Linda Stanley has been attending Music Festival performances since they were held in a tent. This year, she writes, “I went to the concert because I love Rachmaninoff’s Piano Concerto No. 2 and it was beautifully performed by the orchestra and Danny Driver. The first piece by Paderewski (prelude to Act III of Manru) was also wonderful.” However, she found Busoni’s Piano Concerto in C Major “way too long and nowhere near the beautiful melodies of Rachmaninoff.”

Choral Masterwork

Of course, LLI members are familiar with Olin Hall’s classrooms, but the building houses a wonderful concert hall as well. Nanci Kryzak, who attended one of the performances there, commented, “those of us in Olin Hall on Sunday, August 14, enjoyed a powerful performance of Rachmaninoff’s All-Night Vigil by the Bard Festival Chorale under the direction of James Bagwell. The liturgical choral music, composed in 1915 and sung unaccompanied in the Russian Orthodox Church tradition, invoked a revelatory experience of Rachmaninoff’s intense and sustaining faith during Russia’s wartime tribulations.”

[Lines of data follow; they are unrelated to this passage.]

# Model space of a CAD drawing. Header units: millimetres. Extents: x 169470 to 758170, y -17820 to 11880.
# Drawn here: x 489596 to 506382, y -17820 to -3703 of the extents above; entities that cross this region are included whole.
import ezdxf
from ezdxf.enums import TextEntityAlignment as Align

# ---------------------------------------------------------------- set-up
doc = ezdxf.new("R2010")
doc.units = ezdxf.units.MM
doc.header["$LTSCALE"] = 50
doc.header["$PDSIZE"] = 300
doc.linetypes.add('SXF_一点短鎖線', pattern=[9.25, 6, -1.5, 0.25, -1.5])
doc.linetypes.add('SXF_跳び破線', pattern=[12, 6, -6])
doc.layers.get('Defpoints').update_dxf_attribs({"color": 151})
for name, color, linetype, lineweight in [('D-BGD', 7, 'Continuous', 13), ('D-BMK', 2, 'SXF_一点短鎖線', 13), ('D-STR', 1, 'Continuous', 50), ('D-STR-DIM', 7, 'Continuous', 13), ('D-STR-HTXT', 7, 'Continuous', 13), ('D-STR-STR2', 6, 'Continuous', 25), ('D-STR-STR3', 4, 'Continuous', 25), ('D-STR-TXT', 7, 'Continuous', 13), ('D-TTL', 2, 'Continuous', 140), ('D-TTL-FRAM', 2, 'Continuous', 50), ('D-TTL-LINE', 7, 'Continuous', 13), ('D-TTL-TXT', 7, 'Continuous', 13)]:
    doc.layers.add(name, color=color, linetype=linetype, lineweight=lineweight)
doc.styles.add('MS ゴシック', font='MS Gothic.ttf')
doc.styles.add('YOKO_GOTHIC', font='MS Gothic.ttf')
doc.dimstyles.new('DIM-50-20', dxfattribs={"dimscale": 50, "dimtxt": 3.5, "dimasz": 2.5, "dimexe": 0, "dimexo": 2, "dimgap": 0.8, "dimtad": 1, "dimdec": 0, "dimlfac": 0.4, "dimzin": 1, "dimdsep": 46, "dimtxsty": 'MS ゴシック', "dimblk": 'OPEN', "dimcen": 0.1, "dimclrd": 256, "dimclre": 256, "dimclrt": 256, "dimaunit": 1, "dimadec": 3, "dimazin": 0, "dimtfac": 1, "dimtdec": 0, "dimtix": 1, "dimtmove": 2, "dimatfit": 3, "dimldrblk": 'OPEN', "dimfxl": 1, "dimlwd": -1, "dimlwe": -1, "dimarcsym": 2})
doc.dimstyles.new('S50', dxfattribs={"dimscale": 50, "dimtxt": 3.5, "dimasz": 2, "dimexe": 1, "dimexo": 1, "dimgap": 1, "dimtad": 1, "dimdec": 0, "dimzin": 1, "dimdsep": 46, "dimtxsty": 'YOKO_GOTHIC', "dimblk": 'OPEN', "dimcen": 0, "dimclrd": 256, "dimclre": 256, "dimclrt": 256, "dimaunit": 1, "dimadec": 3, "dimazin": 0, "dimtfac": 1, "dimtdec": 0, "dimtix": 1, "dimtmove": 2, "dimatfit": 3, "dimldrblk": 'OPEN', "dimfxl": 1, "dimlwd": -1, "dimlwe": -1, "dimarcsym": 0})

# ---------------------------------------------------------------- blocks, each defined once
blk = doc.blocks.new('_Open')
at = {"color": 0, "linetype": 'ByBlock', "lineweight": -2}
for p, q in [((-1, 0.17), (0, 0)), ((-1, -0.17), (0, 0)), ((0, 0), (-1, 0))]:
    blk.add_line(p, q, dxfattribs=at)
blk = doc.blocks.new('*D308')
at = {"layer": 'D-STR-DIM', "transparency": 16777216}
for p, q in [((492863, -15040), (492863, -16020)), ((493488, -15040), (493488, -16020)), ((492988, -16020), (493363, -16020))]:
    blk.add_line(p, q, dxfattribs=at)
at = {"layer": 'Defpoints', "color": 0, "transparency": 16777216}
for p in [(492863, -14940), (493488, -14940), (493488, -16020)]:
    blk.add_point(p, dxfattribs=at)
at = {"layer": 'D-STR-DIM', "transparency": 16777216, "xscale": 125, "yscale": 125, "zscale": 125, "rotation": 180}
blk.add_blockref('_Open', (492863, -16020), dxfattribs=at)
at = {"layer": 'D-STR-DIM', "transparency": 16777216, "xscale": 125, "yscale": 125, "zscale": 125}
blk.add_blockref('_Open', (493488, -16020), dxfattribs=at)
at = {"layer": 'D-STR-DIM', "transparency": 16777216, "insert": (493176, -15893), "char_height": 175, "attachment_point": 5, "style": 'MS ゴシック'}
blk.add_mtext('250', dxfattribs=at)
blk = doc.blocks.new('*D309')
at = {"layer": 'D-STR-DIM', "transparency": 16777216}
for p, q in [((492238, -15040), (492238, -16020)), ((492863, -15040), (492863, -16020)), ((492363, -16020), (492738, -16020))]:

She added that James Bagwell is known to many LLI members as director of the Bard Symphonic Chorus. The chorus welcomes amateur Bard College and community singers to rehearse important choral works in preparation for fall and spring semester concerts.  If you are interested in joining them, email [email protected]. No audition is required.

Cutting-Edge Music and Dancing

Carmela and Al Gersbeck enjoyed two performances at The Spiegeltent, an enchanting pavilion of mirrors and stained glass. Carmela wrote, “My dance teachers, Linda and Chester Freeman of Got2Lindy dance studio, run the swing dance there, with a terrific live band (this year it was George Gee). There are some wonderful dancers and the music is great. There was also a short dance performance by their ‘Cool Cats and Kittens’ group, featuring none other than our own Bard LLI member Susan Simon!”

They were equally enthusiastic about a unique performance by Justin Vivian Bond. “If anyone can bridge the gap between the genders, it is Justin Vivian Bond, with their mix of music and storytelling,” Carmela notes. “This is the fourth or fifth time we’ve seen them, and we enjoy it every time. They can sing and tell stories that make you laugh and cry. This year’s theme was ‘Mary’ and the songs were either written by someone named Mary or had Mary in the title (e.g., the opening song was ‘Along Came Mary’).”

From June through August 2023, Bard will present the 20th Summerscape, featuring the work of Vaughan Williams.